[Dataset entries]
%%
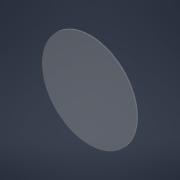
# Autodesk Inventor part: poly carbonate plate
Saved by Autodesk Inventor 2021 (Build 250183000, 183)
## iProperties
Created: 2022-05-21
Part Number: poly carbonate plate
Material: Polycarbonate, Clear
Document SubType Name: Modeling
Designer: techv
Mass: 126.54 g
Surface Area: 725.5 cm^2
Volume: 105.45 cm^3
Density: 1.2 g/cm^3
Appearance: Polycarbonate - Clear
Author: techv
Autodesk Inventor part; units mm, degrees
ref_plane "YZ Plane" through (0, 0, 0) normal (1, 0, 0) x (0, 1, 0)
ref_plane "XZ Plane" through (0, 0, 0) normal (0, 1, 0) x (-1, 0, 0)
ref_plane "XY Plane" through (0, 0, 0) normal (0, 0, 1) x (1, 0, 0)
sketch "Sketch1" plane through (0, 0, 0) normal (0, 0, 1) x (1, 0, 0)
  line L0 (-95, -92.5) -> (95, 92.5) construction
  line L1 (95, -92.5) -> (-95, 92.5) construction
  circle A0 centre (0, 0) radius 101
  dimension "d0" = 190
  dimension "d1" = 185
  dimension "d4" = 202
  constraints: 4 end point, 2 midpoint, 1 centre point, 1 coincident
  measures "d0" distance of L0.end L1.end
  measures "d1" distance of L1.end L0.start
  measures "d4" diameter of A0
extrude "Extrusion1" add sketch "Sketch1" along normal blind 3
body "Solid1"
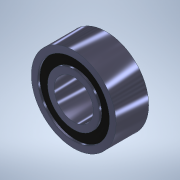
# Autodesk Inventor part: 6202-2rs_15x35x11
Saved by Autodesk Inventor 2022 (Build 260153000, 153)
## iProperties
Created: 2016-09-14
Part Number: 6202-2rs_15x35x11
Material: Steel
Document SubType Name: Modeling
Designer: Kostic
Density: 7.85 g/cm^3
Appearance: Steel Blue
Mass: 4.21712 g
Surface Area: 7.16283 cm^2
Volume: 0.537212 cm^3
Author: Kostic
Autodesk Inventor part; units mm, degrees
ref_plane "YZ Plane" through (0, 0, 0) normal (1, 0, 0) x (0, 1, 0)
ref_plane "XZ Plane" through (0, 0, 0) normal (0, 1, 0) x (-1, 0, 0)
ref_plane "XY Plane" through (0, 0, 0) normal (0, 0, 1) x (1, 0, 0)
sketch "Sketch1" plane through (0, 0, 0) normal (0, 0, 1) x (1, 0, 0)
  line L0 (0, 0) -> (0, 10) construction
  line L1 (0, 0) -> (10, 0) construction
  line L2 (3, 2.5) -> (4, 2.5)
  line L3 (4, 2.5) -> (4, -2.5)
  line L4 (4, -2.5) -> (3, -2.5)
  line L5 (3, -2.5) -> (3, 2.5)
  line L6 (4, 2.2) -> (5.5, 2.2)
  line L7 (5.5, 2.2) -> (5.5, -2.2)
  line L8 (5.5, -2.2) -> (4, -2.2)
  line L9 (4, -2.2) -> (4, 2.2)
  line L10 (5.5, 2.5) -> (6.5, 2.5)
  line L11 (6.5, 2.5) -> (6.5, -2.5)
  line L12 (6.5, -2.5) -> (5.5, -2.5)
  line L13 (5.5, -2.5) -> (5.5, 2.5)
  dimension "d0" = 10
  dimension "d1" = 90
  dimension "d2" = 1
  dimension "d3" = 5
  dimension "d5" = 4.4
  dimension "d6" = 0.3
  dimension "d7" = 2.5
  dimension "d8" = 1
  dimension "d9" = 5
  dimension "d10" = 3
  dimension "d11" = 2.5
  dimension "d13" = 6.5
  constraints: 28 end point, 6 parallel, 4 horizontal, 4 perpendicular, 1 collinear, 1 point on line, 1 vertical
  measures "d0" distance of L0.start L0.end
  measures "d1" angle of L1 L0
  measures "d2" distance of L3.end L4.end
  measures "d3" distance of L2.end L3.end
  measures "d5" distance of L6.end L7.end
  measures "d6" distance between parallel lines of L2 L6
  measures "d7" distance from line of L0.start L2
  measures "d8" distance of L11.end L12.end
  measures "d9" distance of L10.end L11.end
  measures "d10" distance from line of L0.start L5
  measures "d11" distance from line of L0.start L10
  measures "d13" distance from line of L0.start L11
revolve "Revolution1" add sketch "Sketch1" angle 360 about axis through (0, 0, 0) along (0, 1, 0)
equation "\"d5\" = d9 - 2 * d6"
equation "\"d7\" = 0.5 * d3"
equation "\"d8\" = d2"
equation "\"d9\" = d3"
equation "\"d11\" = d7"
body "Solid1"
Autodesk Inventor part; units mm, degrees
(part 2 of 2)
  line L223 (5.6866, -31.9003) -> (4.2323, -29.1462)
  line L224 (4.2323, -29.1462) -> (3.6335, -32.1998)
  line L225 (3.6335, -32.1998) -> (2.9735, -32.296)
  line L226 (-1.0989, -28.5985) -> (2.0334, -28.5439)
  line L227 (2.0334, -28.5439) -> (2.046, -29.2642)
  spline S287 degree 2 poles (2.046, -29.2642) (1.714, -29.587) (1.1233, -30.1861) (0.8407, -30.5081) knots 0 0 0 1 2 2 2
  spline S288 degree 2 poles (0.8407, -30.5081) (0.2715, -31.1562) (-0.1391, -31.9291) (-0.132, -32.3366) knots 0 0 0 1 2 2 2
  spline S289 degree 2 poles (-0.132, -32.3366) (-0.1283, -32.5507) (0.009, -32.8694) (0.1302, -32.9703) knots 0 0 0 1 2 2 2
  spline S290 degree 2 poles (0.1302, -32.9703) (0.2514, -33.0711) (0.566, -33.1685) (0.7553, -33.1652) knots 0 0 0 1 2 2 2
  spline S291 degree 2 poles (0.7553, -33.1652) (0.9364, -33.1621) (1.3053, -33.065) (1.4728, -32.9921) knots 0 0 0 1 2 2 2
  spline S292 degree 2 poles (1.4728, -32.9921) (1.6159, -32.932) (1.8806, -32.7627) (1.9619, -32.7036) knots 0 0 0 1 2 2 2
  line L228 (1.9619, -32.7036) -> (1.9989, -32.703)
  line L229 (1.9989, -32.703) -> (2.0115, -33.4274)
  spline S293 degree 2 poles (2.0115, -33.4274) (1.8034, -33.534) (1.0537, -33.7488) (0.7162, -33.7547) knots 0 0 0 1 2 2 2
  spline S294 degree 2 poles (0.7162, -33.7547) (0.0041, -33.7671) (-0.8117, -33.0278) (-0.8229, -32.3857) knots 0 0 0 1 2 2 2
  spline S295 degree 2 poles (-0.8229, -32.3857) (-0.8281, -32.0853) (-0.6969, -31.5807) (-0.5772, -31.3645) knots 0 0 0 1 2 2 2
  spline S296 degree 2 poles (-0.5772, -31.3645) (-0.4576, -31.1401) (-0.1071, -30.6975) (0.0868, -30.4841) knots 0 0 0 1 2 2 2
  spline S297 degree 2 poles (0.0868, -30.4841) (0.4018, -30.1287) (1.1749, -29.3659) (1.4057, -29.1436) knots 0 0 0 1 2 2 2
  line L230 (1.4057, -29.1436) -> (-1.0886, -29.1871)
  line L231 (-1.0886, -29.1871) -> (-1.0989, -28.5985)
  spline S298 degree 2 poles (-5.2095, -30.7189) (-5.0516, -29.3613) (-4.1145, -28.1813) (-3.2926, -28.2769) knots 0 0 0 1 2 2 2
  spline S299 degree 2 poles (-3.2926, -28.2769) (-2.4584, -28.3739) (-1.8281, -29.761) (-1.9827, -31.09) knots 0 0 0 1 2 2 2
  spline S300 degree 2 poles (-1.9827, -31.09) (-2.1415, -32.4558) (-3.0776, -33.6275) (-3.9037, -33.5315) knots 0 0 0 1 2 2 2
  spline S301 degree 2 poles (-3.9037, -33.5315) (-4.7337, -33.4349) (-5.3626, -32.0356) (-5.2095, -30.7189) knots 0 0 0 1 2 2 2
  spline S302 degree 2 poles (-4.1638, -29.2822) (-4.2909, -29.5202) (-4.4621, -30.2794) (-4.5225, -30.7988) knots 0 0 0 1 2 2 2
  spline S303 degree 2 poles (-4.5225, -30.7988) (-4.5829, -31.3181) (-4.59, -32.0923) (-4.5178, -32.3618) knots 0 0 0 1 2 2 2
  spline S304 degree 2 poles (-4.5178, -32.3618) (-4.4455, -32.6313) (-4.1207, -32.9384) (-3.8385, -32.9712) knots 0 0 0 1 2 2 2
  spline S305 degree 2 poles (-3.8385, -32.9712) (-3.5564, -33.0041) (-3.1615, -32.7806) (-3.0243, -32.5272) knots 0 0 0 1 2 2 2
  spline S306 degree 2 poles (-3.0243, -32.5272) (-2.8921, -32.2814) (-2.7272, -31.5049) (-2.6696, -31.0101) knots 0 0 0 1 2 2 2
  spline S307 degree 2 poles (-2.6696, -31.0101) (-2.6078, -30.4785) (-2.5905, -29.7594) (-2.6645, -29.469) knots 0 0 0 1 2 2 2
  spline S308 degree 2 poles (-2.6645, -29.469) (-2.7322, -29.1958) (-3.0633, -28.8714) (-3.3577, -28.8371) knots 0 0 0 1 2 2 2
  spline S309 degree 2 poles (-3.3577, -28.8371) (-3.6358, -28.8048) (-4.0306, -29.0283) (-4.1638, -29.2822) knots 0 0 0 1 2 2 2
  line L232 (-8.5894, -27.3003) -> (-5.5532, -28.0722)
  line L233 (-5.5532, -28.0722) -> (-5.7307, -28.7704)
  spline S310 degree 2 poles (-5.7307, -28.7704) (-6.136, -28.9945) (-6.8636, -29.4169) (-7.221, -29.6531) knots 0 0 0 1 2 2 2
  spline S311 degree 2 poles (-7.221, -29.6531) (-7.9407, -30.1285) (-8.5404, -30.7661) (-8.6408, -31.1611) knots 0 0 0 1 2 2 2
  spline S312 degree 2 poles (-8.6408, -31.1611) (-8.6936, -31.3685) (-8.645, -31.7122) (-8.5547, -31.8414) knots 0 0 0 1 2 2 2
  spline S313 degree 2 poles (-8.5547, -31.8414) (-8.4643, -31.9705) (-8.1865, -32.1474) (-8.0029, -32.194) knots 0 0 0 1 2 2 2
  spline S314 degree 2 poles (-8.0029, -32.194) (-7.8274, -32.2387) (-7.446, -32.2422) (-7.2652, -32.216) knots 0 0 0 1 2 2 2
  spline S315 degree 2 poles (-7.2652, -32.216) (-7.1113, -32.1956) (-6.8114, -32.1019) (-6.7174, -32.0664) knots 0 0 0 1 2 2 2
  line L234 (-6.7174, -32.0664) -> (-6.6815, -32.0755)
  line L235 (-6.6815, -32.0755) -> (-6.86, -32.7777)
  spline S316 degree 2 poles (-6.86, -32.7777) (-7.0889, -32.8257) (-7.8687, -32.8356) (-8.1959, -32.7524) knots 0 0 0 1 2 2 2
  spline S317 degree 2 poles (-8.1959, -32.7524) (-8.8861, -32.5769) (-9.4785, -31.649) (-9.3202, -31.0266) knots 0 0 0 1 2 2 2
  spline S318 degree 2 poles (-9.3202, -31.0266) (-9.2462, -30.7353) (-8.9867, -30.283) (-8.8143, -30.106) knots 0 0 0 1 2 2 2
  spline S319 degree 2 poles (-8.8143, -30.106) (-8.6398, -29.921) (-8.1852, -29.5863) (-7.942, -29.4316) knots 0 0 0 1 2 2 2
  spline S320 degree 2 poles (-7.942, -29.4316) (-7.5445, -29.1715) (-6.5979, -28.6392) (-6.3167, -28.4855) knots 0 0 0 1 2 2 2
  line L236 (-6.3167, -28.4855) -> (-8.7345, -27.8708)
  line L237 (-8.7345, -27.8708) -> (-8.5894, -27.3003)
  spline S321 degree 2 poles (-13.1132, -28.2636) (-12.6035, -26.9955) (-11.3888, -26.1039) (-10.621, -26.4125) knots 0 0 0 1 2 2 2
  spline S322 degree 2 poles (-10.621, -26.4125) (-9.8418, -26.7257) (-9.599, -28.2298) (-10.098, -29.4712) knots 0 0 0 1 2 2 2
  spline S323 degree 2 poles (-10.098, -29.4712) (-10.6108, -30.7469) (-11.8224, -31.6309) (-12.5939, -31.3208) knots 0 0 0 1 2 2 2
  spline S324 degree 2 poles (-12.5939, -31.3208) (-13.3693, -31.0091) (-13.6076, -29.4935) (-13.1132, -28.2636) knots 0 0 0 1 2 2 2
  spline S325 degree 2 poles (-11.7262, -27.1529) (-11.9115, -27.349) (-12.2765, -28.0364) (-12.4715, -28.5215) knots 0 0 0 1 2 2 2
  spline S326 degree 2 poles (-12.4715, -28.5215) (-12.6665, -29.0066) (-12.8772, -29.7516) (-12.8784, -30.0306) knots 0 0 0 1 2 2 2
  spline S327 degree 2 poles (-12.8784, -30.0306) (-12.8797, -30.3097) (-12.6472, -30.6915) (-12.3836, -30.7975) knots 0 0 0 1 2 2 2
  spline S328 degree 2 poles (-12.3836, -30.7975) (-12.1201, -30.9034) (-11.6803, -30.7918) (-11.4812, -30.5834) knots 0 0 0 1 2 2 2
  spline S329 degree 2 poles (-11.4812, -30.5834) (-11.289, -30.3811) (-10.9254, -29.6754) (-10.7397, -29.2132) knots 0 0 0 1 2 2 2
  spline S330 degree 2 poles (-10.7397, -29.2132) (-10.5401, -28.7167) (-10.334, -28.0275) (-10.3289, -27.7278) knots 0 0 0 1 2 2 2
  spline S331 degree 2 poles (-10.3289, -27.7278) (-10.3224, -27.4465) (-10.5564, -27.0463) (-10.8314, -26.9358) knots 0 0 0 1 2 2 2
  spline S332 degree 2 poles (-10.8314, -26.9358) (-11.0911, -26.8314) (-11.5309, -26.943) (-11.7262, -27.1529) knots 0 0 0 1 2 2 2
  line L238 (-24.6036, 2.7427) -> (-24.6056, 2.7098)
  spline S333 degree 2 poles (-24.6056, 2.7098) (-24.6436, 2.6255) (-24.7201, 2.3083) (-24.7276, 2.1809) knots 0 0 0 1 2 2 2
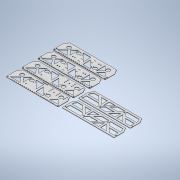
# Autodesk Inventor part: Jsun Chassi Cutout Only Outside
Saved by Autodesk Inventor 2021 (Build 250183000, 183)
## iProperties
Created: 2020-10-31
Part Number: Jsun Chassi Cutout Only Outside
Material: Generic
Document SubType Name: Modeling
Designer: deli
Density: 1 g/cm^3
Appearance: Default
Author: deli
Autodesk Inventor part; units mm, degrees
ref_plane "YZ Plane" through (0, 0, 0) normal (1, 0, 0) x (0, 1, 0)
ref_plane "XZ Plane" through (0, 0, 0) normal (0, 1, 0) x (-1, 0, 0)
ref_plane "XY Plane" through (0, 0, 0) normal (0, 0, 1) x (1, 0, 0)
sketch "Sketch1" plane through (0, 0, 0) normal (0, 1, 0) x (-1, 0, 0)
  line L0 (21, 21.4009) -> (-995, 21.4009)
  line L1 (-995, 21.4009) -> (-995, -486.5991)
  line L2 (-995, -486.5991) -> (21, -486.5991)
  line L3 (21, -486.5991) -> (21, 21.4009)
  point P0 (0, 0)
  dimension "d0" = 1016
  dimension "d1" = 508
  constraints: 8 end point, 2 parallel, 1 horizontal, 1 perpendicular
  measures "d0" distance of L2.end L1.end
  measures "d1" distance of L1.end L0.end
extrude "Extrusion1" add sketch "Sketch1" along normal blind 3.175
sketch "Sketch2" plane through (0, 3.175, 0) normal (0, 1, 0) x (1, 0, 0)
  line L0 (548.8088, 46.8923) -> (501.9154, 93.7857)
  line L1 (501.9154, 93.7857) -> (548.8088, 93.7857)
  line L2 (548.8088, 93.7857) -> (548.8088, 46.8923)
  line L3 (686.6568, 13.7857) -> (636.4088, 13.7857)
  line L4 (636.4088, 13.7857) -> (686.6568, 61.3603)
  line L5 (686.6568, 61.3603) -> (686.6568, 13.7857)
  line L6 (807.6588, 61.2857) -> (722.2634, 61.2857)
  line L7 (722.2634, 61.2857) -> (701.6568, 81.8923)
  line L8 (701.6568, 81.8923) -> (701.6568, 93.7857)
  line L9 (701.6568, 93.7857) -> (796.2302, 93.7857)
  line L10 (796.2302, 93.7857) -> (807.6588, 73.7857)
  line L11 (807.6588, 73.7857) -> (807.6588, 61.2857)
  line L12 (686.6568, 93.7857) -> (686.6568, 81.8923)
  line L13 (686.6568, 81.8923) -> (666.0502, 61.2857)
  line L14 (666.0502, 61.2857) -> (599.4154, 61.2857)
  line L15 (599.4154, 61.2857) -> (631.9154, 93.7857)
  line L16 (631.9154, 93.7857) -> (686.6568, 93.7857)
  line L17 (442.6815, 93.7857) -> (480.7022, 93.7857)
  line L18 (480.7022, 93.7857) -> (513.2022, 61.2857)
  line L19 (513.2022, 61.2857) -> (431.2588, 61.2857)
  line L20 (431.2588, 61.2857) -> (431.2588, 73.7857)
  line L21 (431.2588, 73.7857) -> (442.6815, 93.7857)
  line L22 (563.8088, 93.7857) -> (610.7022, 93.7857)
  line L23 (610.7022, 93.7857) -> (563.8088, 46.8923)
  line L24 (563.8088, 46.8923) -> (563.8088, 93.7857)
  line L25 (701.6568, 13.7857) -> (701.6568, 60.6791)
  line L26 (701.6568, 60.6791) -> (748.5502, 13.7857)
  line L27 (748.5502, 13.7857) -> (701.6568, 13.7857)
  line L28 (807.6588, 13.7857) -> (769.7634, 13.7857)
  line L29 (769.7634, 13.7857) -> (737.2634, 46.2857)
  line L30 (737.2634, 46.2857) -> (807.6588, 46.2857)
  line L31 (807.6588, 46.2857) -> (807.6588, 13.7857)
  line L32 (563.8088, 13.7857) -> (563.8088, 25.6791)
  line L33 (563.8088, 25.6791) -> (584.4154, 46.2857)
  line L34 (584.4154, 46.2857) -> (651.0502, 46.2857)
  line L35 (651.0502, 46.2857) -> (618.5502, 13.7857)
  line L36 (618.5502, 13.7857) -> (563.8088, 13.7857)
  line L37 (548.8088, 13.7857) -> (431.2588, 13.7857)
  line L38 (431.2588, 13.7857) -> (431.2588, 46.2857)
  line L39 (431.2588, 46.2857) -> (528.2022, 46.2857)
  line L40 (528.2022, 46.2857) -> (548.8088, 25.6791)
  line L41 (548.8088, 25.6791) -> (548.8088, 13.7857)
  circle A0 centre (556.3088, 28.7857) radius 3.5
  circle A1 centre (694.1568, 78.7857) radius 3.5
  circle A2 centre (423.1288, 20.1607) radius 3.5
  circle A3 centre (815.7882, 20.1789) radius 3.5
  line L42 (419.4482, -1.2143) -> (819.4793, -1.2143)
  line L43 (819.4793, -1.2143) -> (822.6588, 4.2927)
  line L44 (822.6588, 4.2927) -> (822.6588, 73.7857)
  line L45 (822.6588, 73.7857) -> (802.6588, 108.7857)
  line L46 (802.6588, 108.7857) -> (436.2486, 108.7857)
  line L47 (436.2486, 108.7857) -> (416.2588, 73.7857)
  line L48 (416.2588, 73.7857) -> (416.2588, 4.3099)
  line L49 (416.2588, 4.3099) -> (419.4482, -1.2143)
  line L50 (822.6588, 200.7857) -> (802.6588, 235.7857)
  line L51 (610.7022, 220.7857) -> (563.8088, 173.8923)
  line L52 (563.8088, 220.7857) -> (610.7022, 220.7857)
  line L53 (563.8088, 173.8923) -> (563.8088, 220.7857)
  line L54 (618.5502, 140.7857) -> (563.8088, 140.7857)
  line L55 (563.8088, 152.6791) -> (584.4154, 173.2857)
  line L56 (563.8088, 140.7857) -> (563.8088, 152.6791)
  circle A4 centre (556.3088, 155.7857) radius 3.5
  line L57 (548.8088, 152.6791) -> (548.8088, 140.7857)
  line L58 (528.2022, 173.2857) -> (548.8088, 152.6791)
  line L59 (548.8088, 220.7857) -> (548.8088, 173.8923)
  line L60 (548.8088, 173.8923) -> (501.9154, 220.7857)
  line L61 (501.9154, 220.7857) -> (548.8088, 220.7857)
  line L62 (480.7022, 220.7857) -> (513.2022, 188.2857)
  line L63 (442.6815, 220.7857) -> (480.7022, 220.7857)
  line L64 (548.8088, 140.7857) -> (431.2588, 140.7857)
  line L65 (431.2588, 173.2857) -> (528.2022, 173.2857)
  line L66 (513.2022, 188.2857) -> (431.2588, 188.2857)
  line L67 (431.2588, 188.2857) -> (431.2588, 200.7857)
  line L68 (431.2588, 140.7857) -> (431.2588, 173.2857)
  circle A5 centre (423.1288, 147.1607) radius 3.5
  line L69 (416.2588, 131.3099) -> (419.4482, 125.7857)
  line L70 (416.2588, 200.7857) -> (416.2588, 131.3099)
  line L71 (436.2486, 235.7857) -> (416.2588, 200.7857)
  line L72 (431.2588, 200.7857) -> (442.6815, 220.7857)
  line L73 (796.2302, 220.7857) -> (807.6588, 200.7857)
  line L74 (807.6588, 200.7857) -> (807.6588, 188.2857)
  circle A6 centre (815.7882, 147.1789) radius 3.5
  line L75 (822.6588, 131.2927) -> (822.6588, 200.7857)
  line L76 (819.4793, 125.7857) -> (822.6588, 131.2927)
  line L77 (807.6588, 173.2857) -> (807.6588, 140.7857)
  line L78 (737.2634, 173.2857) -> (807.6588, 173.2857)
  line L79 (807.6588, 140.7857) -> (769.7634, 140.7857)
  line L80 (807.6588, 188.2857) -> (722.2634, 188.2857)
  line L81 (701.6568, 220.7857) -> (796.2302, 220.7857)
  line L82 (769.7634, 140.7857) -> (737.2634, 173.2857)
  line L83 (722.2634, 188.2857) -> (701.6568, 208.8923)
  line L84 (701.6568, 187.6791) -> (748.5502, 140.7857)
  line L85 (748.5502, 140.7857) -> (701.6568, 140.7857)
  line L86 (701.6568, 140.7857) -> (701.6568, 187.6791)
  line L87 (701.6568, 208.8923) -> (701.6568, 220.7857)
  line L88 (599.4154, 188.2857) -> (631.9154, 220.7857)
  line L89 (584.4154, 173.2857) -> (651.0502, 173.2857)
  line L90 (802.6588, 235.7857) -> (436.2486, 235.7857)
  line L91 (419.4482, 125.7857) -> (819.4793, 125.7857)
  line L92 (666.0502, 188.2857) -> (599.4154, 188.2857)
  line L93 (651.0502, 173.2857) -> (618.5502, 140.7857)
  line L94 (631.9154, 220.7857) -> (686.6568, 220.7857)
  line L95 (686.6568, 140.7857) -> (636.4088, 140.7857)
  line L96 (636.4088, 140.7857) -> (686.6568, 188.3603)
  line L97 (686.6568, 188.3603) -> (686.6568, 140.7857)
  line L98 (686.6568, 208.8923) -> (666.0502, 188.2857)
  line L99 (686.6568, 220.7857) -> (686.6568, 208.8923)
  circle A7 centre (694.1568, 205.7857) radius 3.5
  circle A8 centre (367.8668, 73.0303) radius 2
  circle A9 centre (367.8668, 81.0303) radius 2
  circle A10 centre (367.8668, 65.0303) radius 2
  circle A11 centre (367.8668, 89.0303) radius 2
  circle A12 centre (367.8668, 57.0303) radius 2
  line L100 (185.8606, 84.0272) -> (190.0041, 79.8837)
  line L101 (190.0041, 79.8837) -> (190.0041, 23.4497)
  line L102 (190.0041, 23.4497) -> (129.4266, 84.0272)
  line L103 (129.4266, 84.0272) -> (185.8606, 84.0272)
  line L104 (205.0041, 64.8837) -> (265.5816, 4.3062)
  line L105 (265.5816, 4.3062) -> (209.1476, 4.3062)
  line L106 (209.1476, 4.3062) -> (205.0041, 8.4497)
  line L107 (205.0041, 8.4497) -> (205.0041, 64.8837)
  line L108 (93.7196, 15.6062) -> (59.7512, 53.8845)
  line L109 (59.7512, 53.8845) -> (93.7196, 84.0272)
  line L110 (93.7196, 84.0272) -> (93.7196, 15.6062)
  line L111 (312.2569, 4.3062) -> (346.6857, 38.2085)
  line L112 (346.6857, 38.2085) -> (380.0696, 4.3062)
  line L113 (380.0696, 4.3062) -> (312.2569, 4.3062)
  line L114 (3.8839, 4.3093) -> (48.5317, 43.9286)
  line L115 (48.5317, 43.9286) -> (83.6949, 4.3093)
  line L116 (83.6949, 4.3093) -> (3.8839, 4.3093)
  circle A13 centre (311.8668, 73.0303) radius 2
%%
■ Exercise goal ■
Word for word and without pictures, please write out only the lines from the start of the entries through the line containing "Surface Area: 725.5 cm^2", both included.

■ Answer to the exercise ■
# Autodesk Inventor part: poly carbonate plate
Saved by Autodesk Inventor 2021 (Build 250183000, 183)
## iProperties
Created: 2022-05-21
Part Number: poly carbonate plate
Material: Polycarbonate, Clear
Document SubType Name: Modeling
Designer: techv
Mass: 126.54 g
Surface Area: 725.5 cm^2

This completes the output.